#### PROBLEM TO SOLVE:
From the first line of the entries below through the line bearing "Author: wepet", write out each line exactly. Omit pictures.

#### TASK DATA:
━━━
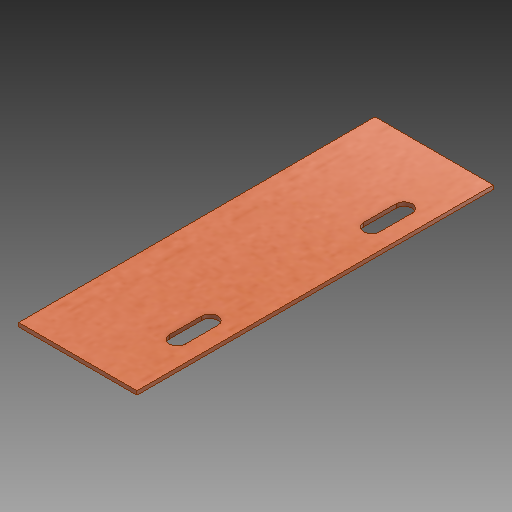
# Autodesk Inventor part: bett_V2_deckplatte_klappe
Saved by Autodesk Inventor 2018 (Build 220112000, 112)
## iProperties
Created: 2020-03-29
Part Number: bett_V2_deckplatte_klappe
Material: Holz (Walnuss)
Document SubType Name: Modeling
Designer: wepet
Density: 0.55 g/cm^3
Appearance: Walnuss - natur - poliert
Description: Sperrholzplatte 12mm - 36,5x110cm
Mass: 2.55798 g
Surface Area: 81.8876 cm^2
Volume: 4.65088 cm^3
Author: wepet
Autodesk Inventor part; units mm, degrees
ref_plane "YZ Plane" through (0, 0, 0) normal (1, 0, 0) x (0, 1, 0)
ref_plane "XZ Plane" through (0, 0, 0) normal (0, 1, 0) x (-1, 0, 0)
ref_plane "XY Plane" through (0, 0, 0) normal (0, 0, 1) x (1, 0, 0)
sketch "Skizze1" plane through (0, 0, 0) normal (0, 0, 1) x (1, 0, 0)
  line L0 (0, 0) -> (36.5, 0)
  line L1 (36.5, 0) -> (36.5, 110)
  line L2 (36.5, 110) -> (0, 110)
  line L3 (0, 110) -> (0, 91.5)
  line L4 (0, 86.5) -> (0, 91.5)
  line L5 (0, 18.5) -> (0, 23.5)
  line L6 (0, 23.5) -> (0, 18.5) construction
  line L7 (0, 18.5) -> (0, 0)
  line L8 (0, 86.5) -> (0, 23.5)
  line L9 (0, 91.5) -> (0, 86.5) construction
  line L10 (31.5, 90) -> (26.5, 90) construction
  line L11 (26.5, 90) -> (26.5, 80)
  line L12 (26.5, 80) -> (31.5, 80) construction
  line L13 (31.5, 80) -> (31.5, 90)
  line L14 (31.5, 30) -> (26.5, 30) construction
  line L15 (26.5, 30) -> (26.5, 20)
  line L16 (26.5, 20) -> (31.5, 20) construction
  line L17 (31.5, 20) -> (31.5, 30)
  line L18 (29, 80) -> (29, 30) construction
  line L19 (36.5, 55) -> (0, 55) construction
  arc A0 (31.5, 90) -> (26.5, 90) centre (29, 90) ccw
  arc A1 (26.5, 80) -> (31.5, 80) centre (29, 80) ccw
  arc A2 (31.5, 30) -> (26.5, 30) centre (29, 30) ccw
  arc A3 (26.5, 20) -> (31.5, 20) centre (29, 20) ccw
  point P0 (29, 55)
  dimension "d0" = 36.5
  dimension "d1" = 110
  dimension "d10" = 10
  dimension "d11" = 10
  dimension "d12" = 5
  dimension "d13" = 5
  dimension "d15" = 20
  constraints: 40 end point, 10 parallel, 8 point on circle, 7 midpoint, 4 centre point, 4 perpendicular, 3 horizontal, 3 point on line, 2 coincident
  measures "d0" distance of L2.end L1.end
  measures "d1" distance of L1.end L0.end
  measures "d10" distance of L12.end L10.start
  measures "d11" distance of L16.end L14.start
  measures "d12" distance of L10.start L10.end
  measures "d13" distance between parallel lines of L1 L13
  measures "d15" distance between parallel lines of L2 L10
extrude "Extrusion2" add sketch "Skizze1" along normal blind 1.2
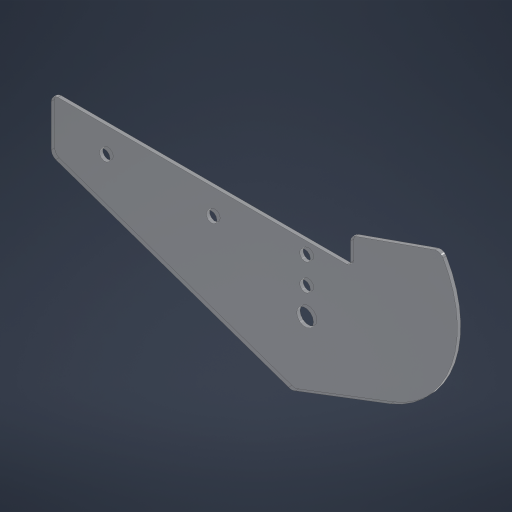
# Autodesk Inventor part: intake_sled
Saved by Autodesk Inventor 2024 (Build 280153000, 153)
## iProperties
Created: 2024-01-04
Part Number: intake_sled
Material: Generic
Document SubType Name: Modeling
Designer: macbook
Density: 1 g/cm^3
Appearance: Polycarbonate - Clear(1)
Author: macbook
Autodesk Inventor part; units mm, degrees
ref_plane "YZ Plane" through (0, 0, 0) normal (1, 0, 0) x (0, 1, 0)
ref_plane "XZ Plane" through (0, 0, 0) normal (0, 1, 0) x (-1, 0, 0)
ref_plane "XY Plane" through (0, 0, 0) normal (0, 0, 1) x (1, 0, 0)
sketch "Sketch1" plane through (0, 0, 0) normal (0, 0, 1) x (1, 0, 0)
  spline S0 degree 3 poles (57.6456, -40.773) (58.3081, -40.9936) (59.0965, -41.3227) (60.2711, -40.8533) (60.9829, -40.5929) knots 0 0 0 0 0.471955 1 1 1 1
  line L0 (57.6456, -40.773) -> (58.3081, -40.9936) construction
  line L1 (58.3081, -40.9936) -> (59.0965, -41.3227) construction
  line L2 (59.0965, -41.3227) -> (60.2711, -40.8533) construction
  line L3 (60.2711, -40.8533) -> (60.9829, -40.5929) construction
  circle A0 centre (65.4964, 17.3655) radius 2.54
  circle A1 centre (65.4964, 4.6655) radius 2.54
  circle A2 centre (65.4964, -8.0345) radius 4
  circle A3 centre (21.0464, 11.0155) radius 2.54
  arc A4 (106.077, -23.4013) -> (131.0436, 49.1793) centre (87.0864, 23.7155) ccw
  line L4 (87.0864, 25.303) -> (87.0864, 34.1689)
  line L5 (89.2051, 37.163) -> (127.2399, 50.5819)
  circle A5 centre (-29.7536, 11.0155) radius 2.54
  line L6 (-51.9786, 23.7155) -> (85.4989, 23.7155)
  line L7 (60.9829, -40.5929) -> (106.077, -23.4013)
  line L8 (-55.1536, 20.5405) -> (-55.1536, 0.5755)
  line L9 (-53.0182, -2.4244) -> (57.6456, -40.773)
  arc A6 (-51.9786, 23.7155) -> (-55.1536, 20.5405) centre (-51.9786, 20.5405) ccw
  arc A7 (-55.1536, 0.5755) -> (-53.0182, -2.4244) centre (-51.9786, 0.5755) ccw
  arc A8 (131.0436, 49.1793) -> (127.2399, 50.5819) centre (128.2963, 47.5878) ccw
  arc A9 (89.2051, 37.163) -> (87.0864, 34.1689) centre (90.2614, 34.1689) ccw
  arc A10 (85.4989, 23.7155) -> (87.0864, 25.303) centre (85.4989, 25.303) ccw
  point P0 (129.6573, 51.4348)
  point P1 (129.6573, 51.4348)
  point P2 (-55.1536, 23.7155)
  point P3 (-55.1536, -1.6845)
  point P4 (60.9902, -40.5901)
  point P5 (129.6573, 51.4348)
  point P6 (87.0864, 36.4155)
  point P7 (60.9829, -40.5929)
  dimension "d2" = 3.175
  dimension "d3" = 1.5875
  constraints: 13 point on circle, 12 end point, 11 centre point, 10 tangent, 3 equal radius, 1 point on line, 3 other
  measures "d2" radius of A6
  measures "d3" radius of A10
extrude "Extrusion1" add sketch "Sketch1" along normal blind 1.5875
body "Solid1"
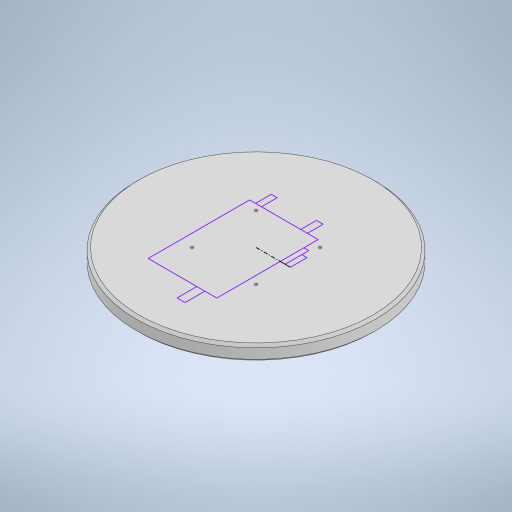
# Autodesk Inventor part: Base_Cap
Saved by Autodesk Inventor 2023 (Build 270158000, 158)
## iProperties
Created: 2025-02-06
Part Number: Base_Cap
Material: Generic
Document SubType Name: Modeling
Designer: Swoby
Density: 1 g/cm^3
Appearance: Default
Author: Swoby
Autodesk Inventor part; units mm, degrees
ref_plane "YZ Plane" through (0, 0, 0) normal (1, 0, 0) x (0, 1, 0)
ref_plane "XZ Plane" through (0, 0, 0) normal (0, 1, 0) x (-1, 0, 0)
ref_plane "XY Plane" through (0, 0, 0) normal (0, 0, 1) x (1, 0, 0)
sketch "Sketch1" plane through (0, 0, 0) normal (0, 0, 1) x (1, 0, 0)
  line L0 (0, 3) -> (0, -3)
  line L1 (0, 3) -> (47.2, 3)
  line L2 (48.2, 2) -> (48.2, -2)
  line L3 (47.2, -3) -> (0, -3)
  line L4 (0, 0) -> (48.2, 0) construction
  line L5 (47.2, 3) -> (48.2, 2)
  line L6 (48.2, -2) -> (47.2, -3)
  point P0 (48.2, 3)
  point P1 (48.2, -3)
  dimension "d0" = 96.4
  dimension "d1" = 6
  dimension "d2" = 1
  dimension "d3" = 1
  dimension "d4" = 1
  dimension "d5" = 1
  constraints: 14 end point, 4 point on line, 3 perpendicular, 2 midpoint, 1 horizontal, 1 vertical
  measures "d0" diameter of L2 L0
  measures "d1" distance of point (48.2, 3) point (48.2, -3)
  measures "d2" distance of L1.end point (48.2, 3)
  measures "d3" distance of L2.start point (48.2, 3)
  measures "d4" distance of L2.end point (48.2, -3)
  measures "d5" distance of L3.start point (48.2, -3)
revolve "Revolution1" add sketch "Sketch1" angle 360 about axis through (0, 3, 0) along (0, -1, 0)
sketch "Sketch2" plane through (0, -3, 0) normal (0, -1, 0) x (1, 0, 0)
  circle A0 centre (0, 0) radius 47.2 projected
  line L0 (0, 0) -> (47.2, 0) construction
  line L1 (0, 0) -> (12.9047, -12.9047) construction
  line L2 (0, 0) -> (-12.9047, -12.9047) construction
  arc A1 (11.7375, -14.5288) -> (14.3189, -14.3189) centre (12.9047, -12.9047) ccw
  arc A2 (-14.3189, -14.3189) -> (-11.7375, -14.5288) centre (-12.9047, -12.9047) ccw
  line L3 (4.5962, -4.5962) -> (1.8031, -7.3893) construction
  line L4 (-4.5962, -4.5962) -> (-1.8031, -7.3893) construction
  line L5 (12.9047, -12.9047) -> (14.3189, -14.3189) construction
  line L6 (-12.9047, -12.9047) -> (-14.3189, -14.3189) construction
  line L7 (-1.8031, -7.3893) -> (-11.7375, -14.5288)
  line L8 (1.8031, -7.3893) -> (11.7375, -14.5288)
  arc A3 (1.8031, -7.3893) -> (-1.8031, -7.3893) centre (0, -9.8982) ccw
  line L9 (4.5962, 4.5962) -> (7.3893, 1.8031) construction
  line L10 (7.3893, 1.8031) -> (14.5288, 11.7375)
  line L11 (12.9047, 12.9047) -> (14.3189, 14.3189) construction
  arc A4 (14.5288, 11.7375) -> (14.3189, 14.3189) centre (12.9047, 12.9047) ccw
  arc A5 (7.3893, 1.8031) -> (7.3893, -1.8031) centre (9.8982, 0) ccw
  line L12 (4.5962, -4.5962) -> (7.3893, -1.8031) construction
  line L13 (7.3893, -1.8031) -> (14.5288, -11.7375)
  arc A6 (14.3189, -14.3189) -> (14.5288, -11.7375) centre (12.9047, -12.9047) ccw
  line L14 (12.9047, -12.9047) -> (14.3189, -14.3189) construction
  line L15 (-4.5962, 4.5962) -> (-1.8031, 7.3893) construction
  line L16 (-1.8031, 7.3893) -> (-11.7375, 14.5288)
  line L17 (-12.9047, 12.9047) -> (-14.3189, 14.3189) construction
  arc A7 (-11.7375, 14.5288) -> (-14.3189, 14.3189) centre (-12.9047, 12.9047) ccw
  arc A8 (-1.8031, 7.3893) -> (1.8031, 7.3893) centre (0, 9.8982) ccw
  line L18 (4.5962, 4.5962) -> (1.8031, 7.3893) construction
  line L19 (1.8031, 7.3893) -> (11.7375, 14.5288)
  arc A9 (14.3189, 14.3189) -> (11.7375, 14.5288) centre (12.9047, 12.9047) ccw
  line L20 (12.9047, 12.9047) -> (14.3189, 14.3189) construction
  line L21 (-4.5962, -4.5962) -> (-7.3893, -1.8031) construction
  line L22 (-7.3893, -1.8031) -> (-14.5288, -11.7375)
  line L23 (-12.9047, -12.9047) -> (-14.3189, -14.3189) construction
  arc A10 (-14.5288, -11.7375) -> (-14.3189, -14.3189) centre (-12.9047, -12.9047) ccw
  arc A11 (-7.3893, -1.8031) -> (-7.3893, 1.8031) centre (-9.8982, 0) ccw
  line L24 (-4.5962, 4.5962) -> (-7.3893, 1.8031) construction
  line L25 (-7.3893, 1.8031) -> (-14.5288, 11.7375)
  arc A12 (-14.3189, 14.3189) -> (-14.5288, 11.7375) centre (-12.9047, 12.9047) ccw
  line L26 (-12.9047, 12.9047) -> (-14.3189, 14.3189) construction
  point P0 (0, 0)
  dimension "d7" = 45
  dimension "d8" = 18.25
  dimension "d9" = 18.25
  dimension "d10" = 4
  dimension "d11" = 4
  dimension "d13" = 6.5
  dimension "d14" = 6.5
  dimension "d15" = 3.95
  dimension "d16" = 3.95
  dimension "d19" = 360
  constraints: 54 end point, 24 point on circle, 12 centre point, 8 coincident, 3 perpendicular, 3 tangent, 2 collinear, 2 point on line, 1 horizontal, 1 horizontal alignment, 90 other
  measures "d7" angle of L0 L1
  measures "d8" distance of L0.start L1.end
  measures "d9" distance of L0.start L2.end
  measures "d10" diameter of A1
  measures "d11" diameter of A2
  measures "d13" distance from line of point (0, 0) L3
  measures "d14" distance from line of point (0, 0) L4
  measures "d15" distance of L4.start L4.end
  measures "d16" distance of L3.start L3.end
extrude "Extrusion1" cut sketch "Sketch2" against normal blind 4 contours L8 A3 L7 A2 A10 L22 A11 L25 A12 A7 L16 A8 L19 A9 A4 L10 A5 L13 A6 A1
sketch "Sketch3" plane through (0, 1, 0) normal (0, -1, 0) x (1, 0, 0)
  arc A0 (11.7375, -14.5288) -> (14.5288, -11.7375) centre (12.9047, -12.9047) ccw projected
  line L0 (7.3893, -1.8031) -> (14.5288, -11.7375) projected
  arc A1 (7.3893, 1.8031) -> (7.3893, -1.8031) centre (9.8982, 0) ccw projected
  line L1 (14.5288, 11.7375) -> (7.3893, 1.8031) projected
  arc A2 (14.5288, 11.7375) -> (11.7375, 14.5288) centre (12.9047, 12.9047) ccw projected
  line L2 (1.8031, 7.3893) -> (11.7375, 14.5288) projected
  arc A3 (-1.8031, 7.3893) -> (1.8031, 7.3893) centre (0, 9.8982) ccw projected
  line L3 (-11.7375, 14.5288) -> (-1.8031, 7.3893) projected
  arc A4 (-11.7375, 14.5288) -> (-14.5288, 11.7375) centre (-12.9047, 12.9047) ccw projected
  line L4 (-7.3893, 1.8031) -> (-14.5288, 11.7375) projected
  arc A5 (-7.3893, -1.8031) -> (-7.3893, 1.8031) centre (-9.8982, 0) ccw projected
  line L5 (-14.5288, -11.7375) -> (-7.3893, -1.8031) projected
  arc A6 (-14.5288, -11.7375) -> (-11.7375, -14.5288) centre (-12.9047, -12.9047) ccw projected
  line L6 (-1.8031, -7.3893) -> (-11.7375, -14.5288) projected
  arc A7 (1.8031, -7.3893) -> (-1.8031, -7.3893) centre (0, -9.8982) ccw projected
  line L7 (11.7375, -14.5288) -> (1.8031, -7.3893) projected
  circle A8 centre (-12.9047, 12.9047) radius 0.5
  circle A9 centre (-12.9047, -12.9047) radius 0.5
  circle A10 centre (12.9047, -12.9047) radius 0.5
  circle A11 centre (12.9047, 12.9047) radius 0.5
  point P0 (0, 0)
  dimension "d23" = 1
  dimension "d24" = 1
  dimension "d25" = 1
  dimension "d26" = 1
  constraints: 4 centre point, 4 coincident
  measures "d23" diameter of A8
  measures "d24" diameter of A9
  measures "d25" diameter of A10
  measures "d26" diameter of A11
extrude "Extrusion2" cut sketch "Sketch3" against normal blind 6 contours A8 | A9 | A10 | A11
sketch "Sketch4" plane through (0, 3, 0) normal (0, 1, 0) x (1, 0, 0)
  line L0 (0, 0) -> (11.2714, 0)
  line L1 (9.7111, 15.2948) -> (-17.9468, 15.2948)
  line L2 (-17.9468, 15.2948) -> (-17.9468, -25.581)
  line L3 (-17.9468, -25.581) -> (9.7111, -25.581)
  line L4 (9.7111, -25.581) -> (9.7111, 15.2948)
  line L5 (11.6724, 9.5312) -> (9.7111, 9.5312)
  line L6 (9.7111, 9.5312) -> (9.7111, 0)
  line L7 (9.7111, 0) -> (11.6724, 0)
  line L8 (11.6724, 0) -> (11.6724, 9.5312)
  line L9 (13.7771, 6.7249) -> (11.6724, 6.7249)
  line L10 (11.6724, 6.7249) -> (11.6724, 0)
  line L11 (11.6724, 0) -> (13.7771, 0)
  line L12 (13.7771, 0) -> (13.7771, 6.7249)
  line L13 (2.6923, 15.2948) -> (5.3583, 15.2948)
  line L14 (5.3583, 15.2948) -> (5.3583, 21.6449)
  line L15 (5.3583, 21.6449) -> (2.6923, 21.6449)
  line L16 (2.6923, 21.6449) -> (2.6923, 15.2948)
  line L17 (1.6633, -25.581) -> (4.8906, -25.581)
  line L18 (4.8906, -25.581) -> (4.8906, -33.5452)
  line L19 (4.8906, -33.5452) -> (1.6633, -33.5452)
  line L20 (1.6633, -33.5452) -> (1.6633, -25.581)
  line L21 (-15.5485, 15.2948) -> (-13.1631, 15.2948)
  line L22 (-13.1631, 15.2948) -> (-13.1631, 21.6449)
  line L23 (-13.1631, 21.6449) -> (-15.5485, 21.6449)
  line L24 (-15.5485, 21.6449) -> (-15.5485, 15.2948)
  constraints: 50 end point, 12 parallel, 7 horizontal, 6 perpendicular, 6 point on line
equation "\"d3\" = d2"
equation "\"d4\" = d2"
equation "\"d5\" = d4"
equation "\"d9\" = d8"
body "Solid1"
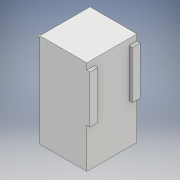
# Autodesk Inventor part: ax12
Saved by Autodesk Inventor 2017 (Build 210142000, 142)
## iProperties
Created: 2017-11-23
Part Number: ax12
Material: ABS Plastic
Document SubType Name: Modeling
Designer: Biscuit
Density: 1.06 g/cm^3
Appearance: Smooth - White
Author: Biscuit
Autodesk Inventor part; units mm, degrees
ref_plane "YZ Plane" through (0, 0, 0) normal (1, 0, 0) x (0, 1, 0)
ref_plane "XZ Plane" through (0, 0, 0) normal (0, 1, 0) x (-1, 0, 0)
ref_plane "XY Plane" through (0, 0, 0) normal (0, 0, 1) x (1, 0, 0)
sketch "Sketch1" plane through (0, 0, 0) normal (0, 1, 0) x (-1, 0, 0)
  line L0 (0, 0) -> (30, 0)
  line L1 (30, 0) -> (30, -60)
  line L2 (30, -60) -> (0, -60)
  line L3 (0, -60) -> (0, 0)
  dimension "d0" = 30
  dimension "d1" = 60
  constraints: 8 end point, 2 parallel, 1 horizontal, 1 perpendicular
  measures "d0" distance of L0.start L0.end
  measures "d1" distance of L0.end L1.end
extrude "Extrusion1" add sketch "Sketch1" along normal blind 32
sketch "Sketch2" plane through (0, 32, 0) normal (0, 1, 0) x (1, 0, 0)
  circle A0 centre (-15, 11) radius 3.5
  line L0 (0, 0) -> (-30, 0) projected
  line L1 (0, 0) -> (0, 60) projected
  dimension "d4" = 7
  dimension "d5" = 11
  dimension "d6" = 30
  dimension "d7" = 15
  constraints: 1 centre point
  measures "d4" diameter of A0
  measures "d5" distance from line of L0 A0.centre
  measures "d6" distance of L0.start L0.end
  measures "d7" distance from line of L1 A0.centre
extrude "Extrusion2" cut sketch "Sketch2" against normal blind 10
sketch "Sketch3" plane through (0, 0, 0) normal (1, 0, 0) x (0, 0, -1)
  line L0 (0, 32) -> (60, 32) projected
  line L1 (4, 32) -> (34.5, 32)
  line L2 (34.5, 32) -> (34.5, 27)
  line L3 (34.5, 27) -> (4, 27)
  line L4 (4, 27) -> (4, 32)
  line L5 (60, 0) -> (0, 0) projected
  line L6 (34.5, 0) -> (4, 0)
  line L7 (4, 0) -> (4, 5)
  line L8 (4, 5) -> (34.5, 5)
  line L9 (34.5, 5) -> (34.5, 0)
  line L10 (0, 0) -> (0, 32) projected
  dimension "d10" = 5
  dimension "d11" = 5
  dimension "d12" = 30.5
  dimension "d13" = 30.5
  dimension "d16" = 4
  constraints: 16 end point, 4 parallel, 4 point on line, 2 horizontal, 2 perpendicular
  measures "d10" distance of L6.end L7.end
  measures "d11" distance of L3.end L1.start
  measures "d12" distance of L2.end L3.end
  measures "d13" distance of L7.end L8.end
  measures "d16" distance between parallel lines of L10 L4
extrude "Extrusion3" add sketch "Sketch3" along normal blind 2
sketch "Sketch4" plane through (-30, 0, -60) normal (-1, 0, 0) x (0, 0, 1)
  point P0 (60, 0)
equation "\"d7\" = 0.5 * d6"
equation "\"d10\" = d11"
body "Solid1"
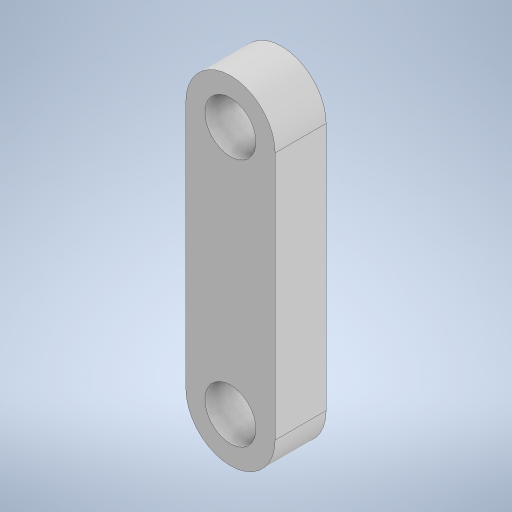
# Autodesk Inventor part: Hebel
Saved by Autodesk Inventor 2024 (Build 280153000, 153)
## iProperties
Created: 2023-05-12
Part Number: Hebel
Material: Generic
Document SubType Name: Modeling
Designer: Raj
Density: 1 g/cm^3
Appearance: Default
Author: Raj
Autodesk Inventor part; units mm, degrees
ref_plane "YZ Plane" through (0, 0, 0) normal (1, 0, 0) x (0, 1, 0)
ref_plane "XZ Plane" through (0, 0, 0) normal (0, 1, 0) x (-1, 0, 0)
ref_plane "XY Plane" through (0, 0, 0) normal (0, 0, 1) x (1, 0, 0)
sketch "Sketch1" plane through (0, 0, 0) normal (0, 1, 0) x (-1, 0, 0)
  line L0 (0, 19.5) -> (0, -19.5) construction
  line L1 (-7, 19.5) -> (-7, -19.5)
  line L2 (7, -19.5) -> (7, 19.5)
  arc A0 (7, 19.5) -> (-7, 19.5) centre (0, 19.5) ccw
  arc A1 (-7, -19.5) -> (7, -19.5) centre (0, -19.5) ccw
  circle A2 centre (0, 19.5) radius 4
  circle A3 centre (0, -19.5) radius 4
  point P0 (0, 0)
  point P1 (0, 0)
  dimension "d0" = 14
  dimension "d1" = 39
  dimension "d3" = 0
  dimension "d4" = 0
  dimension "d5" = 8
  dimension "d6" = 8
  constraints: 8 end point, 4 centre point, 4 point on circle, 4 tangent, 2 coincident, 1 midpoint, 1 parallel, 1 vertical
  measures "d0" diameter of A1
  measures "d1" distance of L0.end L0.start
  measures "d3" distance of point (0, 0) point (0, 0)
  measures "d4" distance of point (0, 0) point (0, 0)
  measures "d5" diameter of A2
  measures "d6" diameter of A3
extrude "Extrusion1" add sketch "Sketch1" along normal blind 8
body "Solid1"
━━━
#### ANSWER BOX:
# Autodesk Inventor part: bett_V2_deckplatte_klappe
Saved by Autodesk Inventor 2018 (Build 220112000, 112)
## iProperties
Created: 2020-03-29
Part Number: bett_V2_deckplatte_klappe
Material: Holz (Walnuss)
Document SubType Name: Modeling
Designer: wepet
Density: 0.55 g/cm^3
Appearance: Walnuss - natur - poliert
Description: Sperrholzplatte 12mm - 36,5x110cm
Mass: 2.55798 g
Surface Area: 81.8876 cm^2
Volume: 4.65088 cm^3
Author: wepet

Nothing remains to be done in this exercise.